*What you are asked to do*:
Collect the lines of the entries where "SPID" shows up.

(Items listed in a dataset)
· · ·
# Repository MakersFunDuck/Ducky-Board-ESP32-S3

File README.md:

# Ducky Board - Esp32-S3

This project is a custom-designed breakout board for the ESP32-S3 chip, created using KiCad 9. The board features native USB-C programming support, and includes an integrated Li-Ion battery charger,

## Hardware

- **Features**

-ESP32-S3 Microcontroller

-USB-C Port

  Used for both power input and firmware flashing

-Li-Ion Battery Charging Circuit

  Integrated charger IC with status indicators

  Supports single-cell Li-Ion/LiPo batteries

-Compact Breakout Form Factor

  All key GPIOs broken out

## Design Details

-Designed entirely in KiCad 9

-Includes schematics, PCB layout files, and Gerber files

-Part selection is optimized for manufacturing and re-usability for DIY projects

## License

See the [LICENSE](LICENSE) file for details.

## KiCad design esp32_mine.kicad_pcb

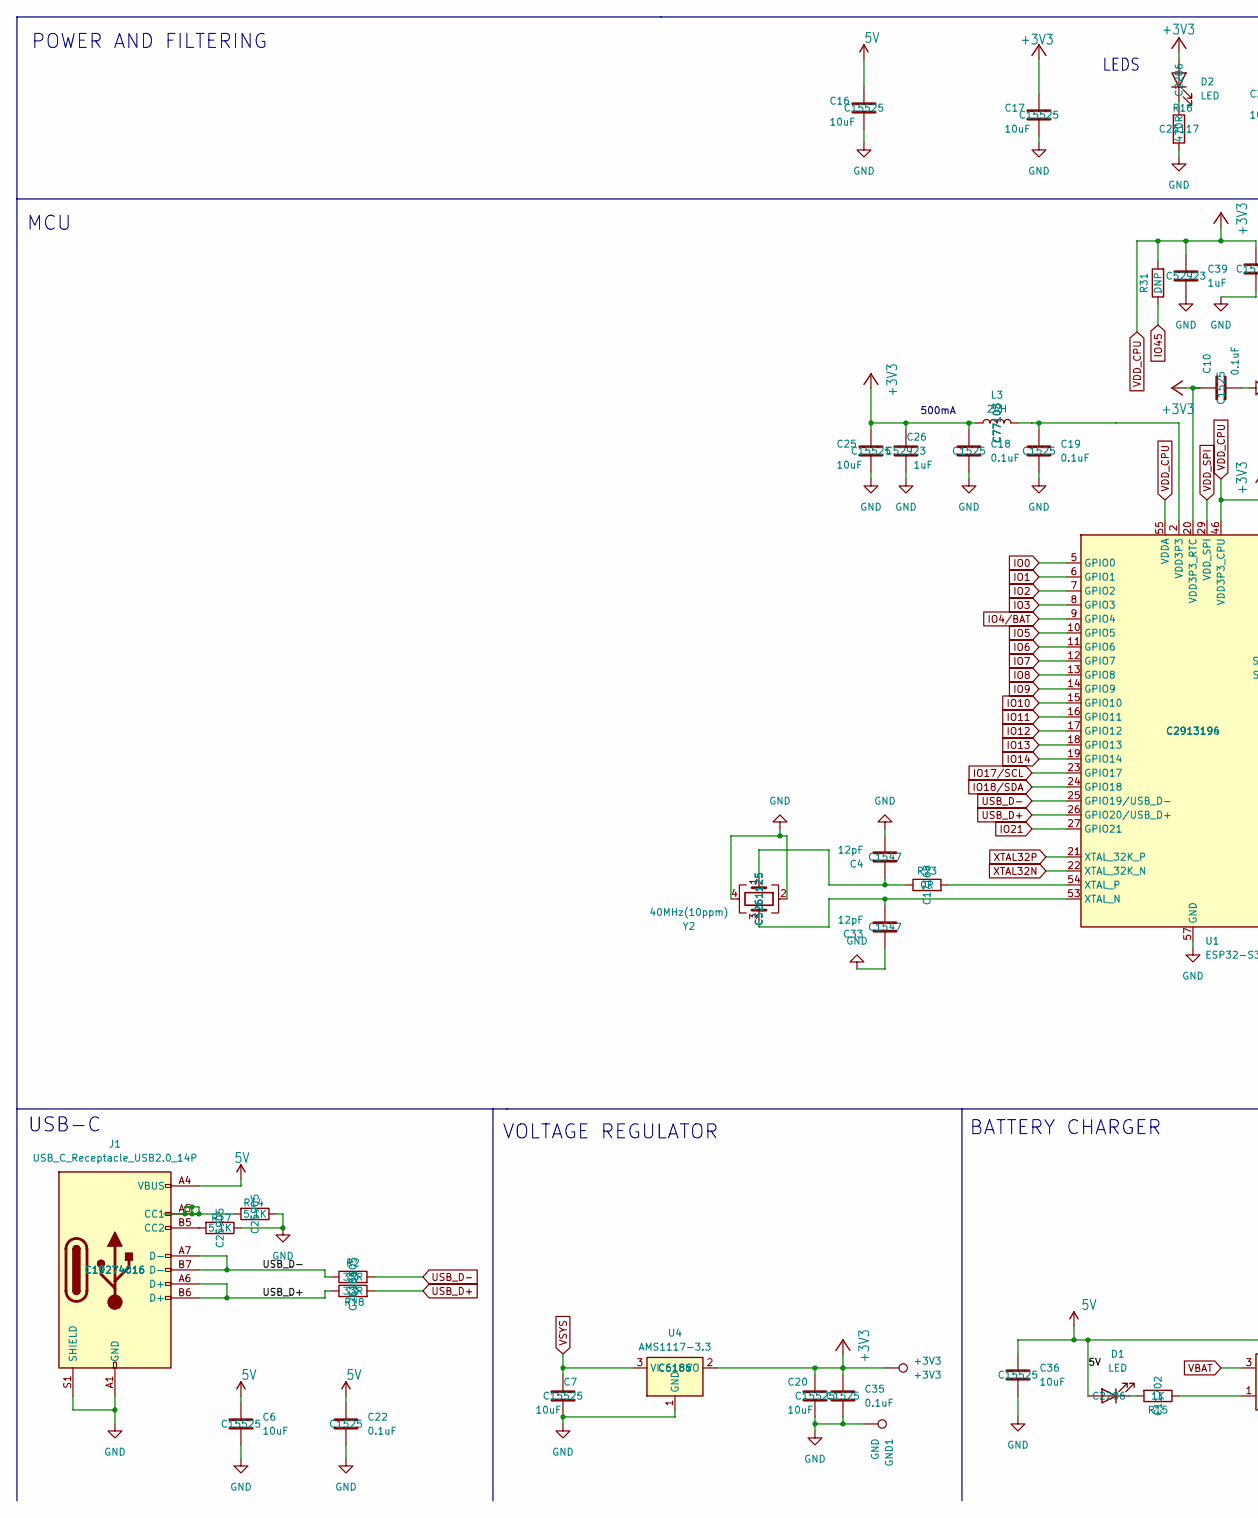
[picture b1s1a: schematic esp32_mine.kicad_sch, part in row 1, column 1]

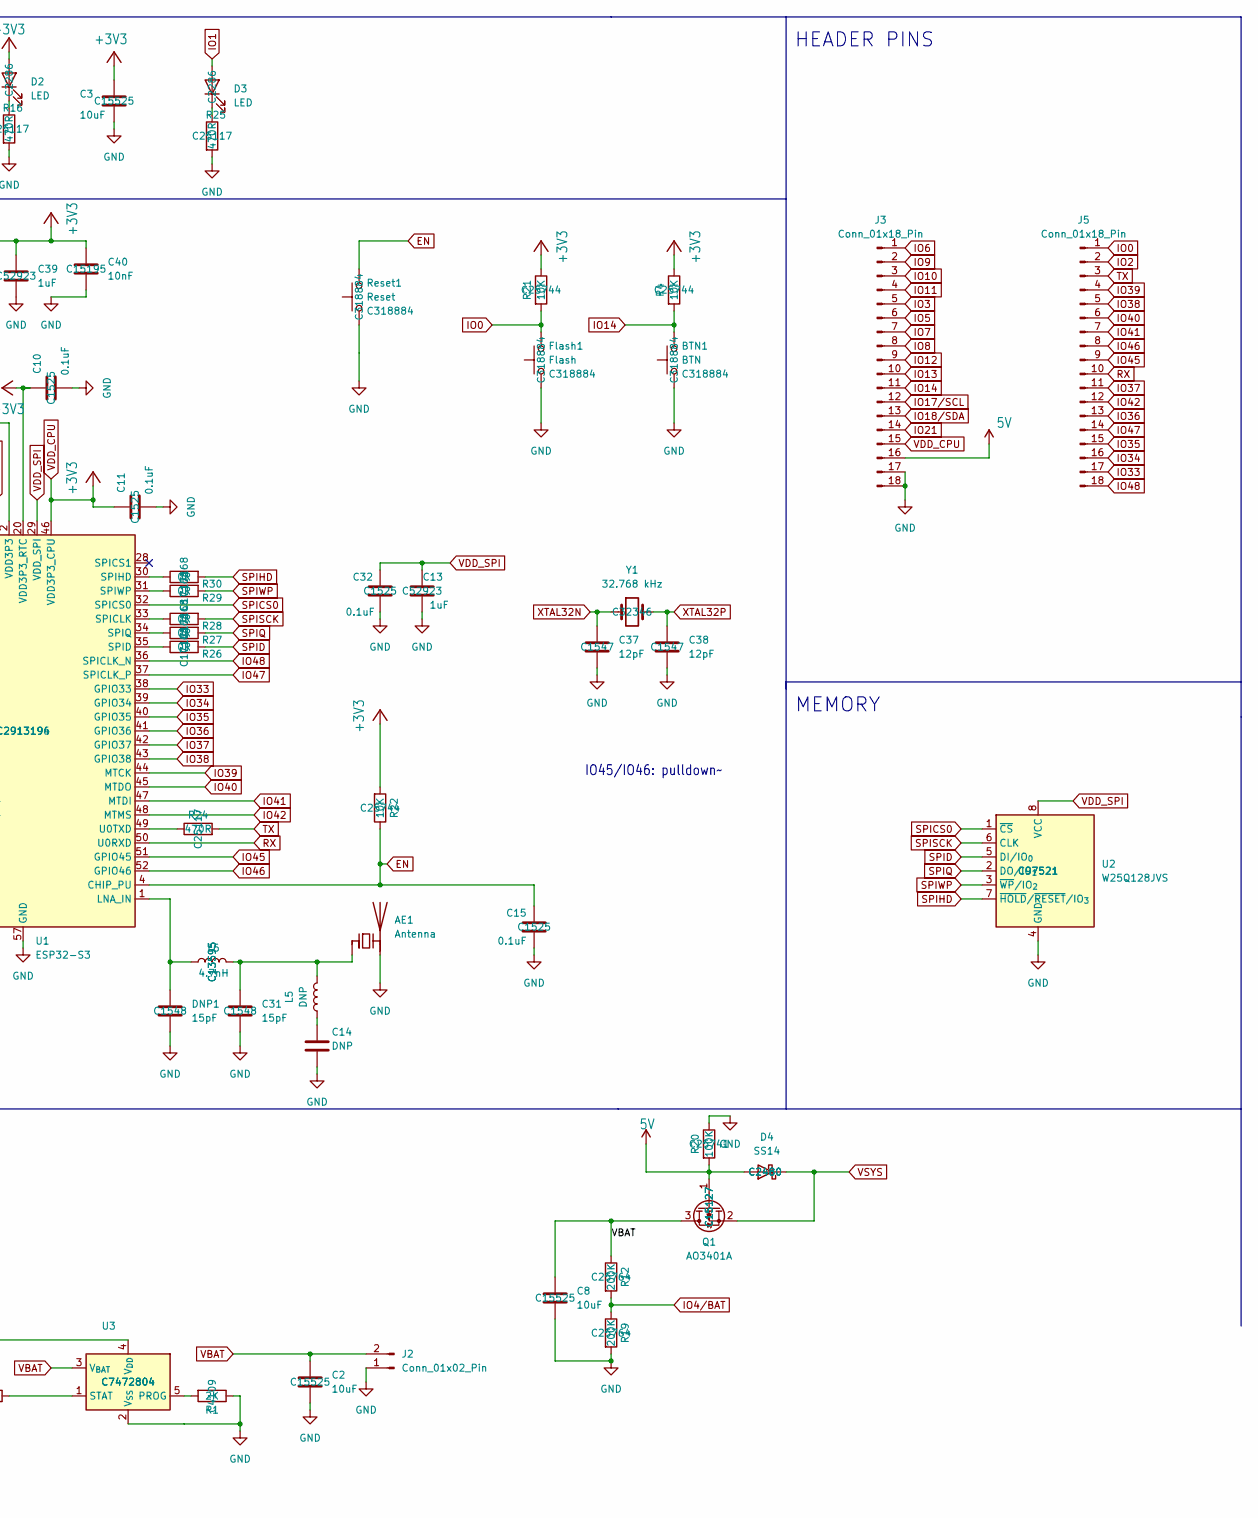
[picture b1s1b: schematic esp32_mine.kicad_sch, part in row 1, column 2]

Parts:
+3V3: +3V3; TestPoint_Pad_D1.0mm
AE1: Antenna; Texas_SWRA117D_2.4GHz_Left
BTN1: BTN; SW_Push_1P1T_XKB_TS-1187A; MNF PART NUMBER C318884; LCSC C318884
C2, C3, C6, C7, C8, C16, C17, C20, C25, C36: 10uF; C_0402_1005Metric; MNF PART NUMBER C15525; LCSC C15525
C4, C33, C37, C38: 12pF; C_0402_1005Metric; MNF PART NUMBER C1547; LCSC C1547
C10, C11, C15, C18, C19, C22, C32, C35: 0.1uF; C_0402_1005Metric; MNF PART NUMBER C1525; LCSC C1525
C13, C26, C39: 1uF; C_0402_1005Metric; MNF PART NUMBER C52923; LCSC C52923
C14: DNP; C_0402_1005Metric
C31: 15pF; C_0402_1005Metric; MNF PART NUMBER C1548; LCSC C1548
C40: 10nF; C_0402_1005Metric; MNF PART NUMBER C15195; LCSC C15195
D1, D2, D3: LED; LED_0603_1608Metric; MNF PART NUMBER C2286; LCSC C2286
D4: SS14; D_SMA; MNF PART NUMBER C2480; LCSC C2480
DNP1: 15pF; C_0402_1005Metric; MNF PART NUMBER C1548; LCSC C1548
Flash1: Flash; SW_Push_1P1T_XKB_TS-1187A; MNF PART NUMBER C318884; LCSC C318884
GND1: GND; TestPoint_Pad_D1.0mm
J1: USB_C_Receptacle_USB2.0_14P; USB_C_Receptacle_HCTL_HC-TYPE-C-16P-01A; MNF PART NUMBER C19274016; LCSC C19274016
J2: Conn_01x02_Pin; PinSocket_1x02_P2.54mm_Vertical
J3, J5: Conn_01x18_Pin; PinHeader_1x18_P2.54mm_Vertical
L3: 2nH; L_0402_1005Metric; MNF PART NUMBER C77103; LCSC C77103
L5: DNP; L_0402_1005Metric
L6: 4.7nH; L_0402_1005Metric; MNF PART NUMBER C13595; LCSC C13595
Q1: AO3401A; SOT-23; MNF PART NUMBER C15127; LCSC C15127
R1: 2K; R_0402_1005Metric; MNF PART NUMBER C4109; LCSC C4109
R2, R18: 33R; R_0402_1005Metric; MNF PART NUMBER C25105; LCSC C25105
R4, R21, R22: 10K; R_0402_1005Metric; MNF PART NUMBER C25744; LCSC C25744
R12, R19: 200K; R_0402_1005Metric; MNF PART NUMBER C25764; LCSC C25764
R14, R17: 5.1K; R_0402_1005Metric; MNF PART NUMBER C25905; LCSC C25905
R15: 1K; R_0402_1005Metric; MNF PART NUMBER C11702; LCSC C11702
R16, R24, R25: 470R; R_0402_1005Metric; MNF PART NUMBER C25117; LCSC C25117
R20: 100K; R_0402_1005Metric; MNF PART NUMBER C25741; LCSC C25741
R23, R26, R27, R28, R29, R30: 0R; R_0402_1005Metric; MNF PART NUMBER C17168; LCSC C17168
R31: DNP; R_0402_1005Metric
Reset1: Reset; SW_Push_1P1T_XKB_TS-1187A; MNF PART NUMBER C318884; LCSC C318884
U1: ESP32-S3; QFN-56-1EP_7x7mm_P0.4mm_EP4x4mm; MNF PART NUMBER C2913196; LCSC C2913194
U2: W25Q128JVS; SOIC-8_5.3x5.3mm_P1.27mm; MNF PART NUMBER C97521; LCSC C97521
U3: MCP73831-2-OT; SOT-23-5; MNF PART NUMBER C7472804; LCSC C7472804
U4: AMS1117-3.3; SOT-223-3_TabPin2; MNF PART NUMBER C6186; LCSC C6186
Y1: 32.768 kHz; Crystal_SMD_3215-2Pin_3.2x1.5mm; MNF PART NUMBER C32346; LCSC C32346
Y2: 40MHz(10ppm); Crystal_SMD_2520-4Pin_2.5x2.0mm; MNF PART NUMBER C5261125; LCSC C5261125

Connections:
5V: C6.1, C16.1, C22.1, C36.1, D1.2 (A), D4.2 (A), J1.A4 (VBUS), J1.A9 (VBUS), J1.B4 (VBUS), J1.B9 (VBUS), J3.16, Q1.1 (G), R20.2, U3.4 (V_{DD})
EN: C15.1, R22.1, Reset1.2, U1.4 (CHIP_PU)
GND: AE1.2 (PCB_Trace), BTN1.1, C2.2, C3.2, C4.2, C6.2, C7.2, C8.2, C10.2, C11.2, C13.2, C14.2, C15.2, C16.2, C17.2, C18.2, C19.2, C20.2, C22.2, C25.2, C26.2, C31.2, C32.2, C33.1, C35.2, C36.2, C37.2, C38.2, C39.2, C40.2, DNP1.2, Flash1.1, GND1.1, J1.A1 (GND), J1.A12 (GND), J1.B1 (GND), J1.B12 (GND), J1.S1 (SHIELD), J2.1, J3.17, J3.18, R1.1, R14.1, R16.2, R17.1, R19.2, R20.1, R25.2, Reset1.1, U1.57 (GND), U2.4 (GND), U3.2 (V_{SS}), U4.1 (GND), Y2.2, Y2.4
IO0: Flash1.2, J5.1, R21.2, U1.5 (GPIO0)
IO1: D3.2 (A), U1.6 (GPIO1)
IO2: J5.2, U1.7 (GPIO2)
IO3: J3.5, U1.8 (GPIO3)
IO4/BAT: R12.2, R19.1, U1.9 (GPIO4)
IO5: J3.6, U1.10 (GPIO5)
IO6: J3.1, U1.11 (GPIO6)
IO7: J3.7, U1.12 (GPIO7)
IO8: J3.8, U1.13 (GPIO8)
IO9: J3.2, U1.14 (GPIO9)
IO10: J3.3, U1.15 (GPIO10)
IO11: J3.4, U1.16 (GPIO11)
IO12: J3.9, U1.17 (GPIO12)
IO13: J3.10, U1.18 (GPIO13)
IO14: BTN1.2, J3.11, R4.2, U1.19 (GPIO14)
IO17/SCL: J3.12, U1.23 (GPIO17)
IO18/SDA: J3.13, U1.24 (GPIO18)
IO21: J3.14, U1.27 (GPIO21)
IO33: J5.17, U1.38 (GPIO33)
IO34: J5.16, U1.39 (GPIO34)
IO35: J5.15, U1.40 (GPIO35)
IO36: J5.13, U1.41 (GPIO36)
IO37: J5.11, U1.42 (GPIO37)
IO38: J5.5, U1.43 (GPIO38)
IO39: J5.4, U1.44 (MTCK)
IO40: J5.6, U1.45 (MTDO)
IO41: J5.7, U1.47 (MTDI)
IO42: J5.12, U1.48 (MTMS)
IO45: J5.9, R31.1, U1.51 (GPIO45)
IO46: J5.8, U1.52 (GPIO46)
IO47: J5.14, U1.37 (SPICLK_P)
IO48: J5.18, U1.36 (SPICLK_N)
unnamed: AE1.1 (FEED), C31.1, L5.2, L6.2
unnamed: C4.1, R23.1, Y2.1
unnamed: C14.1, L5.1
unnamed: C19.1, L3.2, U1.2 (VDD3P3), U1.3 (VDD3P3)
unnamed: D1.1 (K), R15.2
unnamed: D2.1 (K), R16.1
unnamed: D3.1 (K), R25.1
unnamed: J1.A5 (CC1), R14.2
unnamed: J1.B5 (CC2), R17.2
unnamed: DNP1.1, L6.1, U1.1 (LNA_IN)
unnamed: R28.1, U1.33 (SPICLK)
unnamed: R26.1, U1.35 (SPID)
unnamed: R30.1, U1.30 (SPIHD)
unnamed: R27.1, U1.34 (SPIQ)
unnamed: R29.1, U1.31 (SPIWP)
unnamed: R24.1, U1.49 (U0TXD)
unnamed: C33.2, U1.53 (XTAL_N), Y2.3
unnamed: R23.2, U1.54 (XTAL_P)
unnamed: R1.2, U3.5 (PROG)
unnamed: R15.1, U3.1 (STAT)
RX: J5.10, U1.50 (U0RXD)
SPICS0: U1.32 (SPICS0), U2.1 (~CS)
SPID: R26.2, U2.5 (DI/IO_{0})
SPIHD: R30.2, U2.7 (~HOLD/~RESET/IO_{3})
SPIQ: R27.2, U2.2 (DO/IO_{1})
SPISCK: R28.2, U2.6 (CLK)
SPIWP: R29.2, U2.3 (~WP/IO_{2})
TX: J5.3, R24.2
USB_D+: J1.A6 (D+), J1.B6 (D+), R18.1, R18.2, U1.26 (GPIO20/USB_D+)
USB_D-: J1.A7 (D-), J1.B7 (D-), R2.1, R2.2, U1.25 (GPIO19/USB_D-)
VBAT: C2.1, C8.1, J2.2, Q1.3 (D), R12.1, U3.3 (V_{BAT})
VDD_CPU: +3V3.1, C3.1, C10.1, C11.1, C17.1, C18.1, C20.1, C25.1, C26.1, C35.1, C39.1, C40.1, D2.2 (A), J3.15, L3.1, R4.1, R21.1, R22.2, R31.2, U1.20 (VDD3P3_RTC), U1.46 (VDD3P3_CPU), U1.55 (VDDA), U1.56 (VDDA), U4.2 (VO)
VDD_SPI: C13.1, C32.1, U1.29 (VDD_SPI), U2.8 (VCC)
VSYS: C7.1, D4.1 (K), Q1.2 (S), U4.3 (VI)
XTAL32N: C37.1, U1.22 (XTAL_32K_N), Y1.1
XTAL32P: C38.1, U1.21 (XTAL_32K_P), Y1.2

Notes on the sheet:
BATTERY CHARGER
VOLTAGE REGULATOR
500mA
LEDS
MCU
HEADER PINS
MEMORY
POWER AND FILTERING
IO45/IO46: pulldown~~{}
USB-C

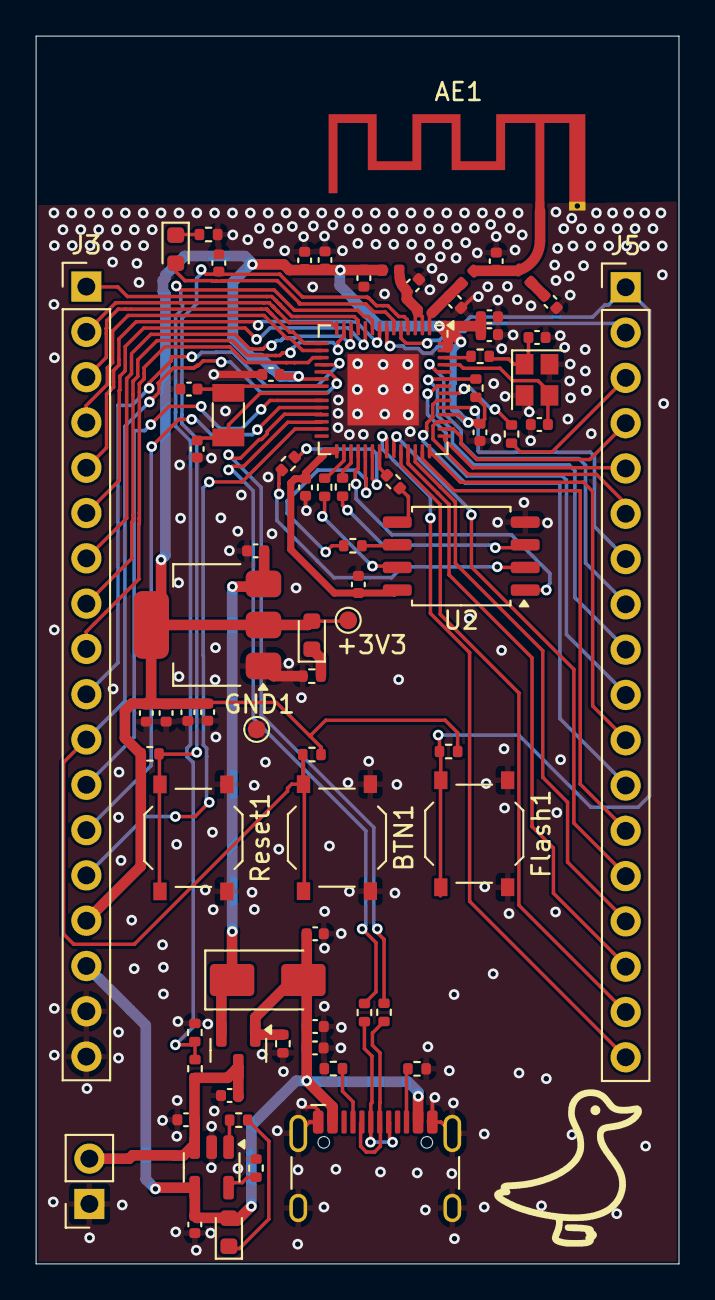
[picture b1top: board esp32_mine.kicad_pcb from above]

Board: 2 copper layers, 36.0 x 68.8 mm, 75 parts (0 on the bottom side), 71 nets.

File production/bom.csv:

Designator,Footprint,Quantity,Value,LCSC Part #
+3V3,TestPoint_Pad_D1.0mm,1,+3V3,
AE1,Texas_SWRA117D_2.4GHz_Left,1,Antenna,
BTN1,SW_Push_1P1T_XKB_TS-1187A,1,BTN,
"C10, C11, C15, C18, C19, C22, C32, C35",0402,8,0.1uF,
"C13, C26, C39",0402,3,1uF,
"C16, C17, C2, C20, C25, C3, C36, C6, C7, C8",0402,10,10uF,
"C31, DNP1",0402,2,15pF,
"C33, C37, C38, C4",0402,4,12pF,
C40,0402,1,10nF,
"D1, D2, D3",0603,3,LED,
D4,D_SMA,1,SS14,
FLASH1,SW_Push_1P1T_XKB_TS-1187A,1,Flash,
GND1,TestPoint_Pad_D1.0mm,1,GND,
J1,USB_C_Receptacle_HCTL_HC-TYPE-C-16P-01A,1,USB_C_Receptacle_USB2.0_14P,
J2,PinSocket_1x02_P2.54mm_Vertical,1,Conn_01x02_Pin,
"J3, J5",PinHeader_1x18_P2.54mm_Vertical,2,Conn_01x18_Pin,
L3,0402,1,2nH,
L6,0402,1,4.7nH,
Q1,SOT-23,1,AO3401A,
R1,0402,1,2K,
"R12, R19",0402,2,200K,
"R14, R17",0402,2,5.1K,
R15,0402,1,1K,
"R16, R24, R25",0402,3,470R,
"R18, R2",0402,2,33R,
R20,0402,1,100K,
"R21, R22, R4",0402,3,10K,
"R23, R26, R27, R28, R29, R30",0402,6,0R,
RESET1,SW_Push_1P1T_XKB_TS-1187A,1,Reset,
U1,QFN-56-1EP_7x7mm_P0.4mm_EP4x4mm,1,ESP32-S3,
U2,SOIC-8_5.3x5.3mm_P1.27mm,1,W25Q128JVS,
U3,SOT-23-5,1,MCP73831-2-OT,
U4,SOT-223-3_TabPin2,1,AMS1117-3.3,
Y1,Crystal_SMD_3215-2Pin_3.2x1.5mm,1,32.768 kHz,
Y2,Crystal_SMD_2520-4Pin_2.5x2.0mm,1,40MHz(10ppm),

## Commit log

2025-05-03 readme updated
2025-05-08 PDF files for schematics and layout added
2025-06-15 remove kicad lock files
· · ·
*Worked solution*:
unnamed: R26.1, U1.35 (SPID)
SPID: R26.2, U2.5 (DI/IO_{0})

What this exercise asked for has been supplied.